> _REQUIRED ACTION_:
An exact copy of the records below is required, and it must contain no pictures.

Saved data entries
************

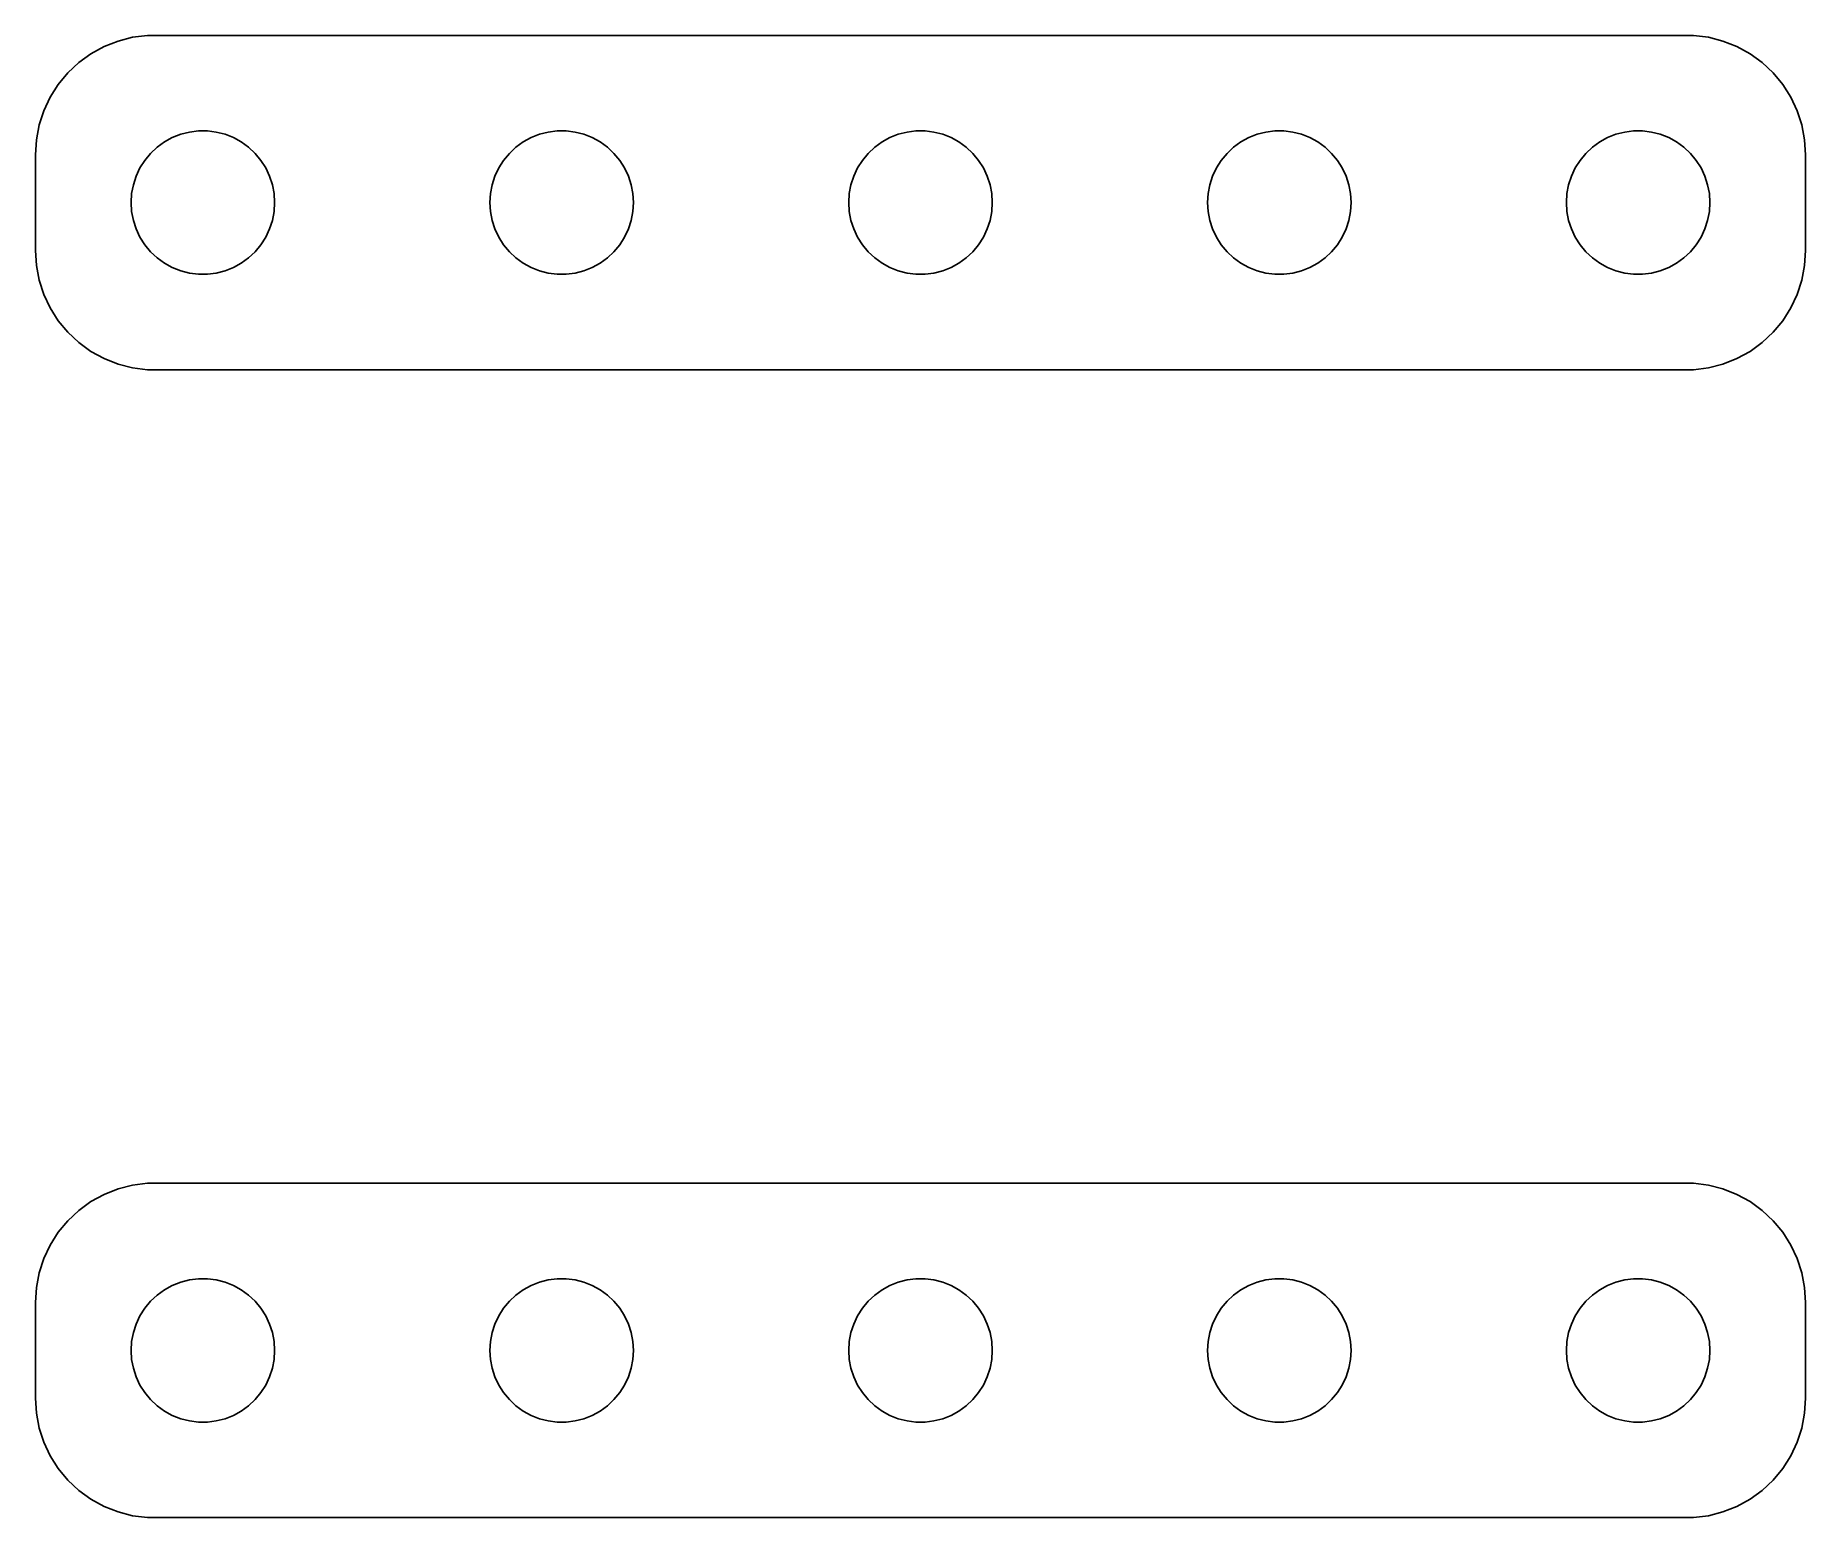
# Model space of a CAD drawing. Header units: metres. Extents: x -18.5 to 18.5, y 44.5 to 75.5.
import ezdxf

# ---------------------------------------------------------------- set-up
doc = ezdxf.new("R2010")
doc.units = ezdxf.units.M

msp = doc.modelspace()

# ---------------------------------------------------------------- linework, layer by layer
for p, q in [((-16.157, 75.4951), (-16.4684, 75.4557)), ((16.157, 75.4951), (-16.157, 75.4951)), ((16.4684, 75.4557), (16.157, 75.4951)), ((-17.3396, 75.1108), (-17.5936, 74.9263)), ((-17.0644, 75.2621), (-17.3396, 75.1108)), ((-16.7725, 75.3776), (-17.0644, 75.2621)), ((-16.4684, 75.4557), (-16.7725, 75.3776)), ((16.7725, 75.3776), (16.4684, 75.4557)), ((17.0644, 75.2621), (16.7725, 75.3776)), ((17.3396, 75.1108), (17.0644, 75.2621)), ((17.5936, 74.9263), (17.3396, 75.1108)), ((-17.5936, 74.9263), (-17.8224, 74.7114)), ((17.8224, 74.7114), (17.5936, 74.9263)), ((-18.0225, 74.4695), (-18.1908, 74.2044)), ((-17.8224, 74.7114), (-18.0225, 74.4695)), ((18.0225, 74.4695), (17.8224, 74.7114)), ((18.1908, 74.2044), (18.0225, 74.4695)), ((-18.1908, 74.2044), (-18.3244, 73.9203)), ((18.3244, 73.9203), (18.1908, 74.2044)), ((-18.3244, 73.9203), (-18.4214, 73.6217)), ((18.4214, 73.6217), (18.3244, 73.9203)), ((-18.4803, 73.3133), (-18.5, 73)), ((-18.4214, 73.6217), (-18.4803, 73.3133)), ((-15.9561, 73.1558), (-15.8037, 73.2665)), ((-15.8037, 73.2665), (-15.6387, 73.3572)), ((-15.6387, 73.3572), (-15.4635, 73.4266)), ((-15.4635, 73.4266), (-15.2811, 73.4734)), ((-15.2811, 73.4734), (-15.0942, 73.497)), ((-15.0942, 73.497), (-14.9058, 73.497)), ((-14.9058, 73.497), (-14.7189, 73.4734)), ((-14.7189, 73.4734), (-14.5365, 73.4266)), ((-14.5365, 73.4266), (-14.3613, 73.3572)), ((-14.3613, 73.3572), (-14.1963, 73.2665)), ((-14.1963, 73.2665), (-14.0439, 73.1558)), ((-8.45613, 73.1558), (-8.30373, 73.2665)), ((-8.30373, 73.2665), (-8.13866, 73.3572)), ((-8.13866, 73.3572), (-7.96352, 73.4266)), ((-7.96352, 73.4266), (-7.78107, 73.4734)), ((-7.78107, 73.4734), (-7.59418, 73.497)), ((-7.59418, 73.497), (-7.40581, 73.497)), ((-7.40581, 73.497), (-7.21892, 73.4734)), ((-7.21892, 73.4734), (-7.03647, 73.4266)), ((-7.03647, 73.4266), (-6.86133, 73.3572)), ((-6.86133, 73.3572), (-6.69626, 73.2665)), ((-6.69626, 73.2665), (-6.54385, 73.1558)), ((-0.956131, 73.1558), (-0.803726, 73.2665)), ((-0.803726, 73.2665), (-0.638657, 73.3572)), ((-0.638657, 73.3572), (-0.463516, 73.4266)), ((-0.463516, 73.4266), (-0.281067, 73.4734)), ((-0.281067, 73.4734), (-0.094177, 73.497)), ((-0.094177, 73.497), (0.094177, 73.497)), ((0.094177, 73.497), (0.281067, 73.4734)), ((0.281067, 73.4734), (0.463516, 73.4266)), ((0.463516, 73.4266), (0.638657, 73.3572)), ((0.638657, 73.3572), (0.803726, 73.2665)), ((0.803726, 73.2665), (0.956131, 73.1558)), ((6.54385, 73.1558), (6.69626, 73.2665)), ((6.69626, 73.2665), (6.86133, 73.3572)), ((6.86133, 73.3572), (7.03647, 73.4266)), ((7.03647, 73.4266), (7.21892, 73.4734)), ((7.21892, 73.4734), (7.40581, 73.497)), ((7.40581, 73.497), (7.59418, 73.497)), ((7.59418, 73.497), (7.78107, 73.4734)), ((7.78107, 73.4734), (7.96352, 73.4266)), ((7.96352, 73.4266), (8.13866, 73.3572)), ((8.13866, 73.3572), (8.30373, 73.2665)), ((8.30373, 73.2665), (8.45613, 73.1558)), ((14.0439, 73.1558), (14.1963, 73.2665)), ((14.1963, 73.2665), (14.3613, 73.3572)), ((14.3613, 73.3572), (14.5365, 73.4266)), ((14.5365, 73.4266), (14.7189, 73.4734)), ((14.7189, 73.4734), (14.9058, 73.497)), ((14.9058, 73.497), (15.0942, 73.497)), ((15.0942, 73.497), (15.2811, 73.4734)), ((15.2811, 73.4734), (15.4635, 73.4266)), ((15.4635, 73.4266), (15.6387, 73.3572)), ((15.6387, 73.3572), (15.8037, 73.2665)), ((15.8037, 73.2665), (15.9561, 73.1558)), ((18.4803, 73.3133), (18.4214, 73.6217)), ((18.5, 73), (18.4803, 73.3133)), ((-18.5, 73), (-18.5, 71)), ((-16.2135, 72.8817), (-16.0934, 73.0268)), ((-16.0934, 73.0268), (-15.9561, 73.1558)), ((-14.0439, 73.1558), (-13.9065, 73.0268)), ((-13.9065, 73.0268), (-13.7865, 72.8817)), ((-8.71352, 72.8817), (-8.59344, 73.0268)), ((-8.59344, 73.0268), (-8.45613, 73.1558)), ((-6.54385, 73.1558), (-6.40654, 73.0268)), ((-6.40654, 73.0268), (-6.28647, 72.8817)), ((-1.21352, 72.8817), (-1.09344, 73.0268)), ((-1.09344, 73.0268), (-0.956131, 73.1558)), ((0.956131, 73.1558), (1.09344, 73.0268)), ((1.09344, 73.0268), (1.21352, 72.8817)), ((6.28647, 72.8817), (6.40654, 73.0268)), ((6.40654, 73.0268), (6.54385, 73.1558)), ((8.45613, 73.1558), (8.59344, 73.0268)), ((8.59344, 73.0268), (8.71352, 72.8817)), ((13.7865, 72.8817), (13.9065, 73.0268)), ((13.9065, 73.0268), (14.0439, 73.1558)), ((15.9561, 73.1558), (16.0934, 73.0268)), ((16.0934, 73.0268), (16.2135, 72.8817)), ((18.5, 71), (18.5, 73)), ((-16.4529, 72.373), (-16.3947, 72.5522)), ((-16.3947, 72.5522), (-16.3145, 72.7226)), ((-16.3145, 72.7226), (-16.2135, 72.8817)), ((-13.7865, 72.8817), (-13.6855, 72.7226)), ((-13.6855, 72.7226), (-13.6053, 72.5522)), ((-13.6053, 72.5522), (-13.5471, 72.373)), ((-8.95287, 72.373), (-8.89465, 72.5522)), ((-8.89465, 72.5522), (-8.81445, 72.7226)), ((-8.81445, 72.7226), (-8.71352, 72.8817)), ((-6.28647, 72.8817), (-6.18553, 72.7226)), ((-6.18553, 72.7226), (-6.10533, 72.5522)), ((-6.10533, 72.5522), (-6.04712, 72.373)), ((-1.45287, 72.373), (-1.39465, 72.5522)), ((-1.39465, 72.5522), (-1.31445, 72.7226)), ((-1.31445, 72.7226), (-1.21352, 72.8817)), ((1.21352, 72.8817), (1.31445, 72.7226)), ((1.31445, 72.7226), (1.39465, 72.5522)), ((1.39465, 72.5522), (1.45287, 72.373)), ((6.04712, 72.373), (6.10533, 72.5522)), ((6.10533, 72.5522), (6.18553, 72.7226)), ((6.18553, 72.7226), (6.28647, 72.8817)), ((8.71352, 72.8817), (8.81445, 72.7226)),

************

> _EXERCISE RESPONSE_:
# Model space of a CAD drawing. Header units: metres. Extents: x -18.5 to 18.5, y 44.5 to 75.5.
import ezdxf

# ---------------------------------------------------------------- set-up
doc = ezdxf.new("R2010")
doc.units = ezdxf.units.M

msp = doc.modelspace()

# ---------------------------------------------------------------- linework, layer by layer
for p, q in [((-16.157, 75.4951), (-16.4684, 75.4557)), ((16.157, 75.4951), (-16.157, 75.4951)), ((16.4684, 75.4557), (16.157, 75.4951)), ((-17.3396, 75.1108), (-17.5936, 74.9263)), ((-17.0644, 75.2621), (-17.3396, 75.1108)), ((-16.7725, 75.3776), (-17.0644, 75.2621)), ((-16.4684, 75.4557), (-16.7725, 75.3776)), ((16.7725, 75.3776), (16.4684, 75.4557)), ((17.0644, 75.2621), (16.7725, 75.3776)), ((17.3396, 75.1108), (17.0644, 75.2621)), ((17.5936, 74.9263), (17.3396, 75.1108)), ((-17.5936, 74.9263), (-17.8224, 74.7114)), ((17.8224, 74.7114), (17.5936, 74.9263)), ((-18.0225, 74.4695), (-18.1908, 74.2044)), ((-17.8224, 74.7114), (-18.0225, 74.4695)), ((18.0225, 74.4695), (17.8224, 74.7114)), ((18.1908, 74.2044), (18.0225, 74.4695)), ((-18.1908, 74.2044), (-18.3244, 73.9203)), ((18.3244, 73.9203), (18.1908, 74.2044)), ((-18.3244, 73.9203), (-18.4214, 73.6217)), ((18.4214, 73.6217), (18.3244, 73.9203)), ((-18.4803, 73.3133), (-18.5, 73)), ((-18.4214, 73.6217), (-18.4803, 73.3133)), ((-15.9561, 73.1558), (-15.8037, 73.2665)), ((-15.8037, 73.2665), (-15.6387, 73.3572)), ((-15.6387, 73.3572), (-15.4635, 73.4266)), ((-15.4635, 73.4266), (-15.2811, 73.4734)), ((-15.2811, 73.4734), (-15.0942, 73.497)), ((-15.0942, 73.497), (-14.9058, 73.497)), ((-14.9058, 73.497), (-14.7189, 73.4734)), ((-14.7189, 73.4734), (-14.5365, 73.4266)), ((-14.5365, 73.4266), (-14.3613, 73.3572)), ((-14.3613, 73.3572), (-14.1963, 73.2665)), ((-14.1963, 73.2665), (-14.0439, 73.1558)), ((-8.45613, 73.1558), (-8.30373, 73.2665)), ((-8.30373, 73.2665), (-8.13866, 73.3572)), ((-8.13866, 73.3572), (-7.96352, 73.4266)), ((-7.96352, 73.4266), (-7.78107, 73.4734)), ((-7.78107, 73.4734), (-7.59418, 73.497)), ((-7.59418, 73.497), (-7.40581, 73.497)), ((-7.40581, 73.497), (-7.21892, 73.4734)), ((-7.21892, 73.4734), (-7.03647, 73.4266)), ((-7.03647, 73.4266), (-6.86133, 73.3572)), ((-6.86133, 73.3572), (-6.69626, 73.2665)), ((-6.69626, 73.2665), (-6.54385, 73.1558)), ((-0.956131, 73.1558), (-0.803726, 73.2665)), ((-0.803726, 73.2665), (-0.638657, 73.3572)), ((-0.638657, 73.3572), (-0.463516, 73.4266)), ((-0.463516, 73.4266), (-0.281067, 73.4734)), ((-0.281067, 73.4734), (-0.094177, 73.497)), ((-0.094177, 73.497), (0.094177, 73.497)), ((0.094177, 73.497), (0.281067, 73.4734)), ((0.281067, 73.4734), (0.463516, 73.4266)), ((0.463516, 73.4266), (0.638657, 73.3572)), ((0.638657, 73.3572), (0.803726, 73.2665)), ((0.803726, 73.2665), (0.956131, 73.1558)), ((6.54385, 73.1558), (6.69626, 73.2665)), ((6.69626, 73.2665), (6.86133, 73.3572)), ((6.86133, 73.3572), (7.03647, 73.4266)), ((7.03647, 73.4266), (7.21892, 73.4734)), ((7.21892, 73.4734), (7.40581, 73.497)), ((7.40581, 73.497), (7.59418, 73.497)), ((7.59418, 73.497), (7.78107, 73.4734)), ((7.78107, 73.4734), (7.96352, 73.4266)), ((7.96352, 73.4266), (8.13866, 73.3572)), ((8.13866, 73.3572), (8.30373, 73.2665)), ((8.30373, 73.2665), (8.45613, 73.1558)), ((14.0439, 73.1558), (14.1963, 73.2665)), ((14.1963, 73.2665), (14.3613, 73.3572)), ((14.3613, 73.3572), (14.5365, 73.4266)), ((14.5365, 73.4266), (14.7189, 73.4734)), ((14.7189, 73.4734), (14.9058, 73.497)), ((14.9058, 73.497), (15.0942, 73.497)), ((15.0942, 73.497), (15.2811, 73.4734)), ((15.2811, 73.4734), (15.4635, 73.4266)), ((15.4635, 73.4266), (15.6387, 73.3572)), ((15.6387, 73.3572), (15.8037, 73.2665)), ((15.8037, 73.2665), (15.9561, 73.1558)), ((18.4803, 73.3133), (18.4214, 73.6217)), ((18.5, 73), (18.4803, 73.3133)), ((-18.5, 73), (-18.5, 71)), ((-16.2135, 72.8817), (-16.0934, 73.0268)), ((-16.0934, 73.0268), (-15.9561, 73.1558)), ((-14.0439, 73.1558), (-13.9065, 73.0268)), ((-13.9065, 73.0268), (-13.7865, 72.8817)), ((-8.71352, 72.8817), (-8.59344, 73.0268)), ((-8.59344, 73.0268), (-8.45613, 73.1558)), ((-6.54385, 73.1558), (-6.40654, 73.0268)), ((-6.40654, 73.0268), (-6.28647, 72.8817)), ((-1.21352, 72.8817), (-1.09344, 73.0268)), ((-1.09344, 73.0268), (-0.956131, 73.1558)), ((0.956131, 73.1558), (1.09344, 73.0268)), ((1.09344, 73.0268), (1.21352, 72.8817)), ((6.28647, 72.8817), (6.40654, 73.0268)), ((6.40654, 73.0268), (6.54385, 73.1558)), ((8.45613, 73.1558), (8.59344, 73.0268)), ((8.59344, 73.0268), (8.71352, 72.8817)), ((13.7865, 72.8817), (13.9065, 73.0268)), ((13.9065, 73.0268), (14.0439, 73.1558)), ((15.9561, 73.1558), (16.0934, 73.0268)), ((16.0934, 73.0268), (16.2135, 72.8817)), ((18.5, 71), (18.5, 73)), ((-16.4529, 72.373), (-16.3947, 72.5522)), ((-16.3947, 72.5522), (-16.3145, 72.7226)), ((-16.3145, 72.7226), (-16.2135, 72.8817)), ((-13.7865, 72.8817), (-13.6855, 72.7226)), ((-13.6855, 72.7226), (-13.6053, 72.5522)), ((-13.6053, 72.5522), (-13.5471, 72.373)), ((-8.95287, 72.373), (-8.89465, 72.5522)), ((-8.89465, 72.5522), (-8.81445, 72.7226)), ((-8.81445, 72.7226), (-8.71352, 72.8817)), ((-6.28647, 72.8817), (-6.18553, 72.7226)), ((-6.18553, 72.7226), (-6.10533, 72.5522)), ((-6.10533, 72.5522), (-6.04712, 72.373)), ((-1.45287, 72.373), (-1.39465, 72.5522)), ((-1.39465, 72.5522), (-1.31445, 72.7226)), ((-1.31445, 72.7226), (-1.21352, 72.8817)), ((1.21352, 72.8817), (1.31445, 72.7226)), ((1.31445, 72.7226), (1.39465, 72.5522)), ((1.39465, 72.5522), (1.45287, 72.373)), ((6.04712, 72.373), (6.10533, 72.5522)), ((6.10533, 72.5522), (6.18553, 72.7226)), ((6.18553, 72.7226), (6.28647, 72.8817)), ((8.71352, 72.8817), (8.81445, 72.7226)),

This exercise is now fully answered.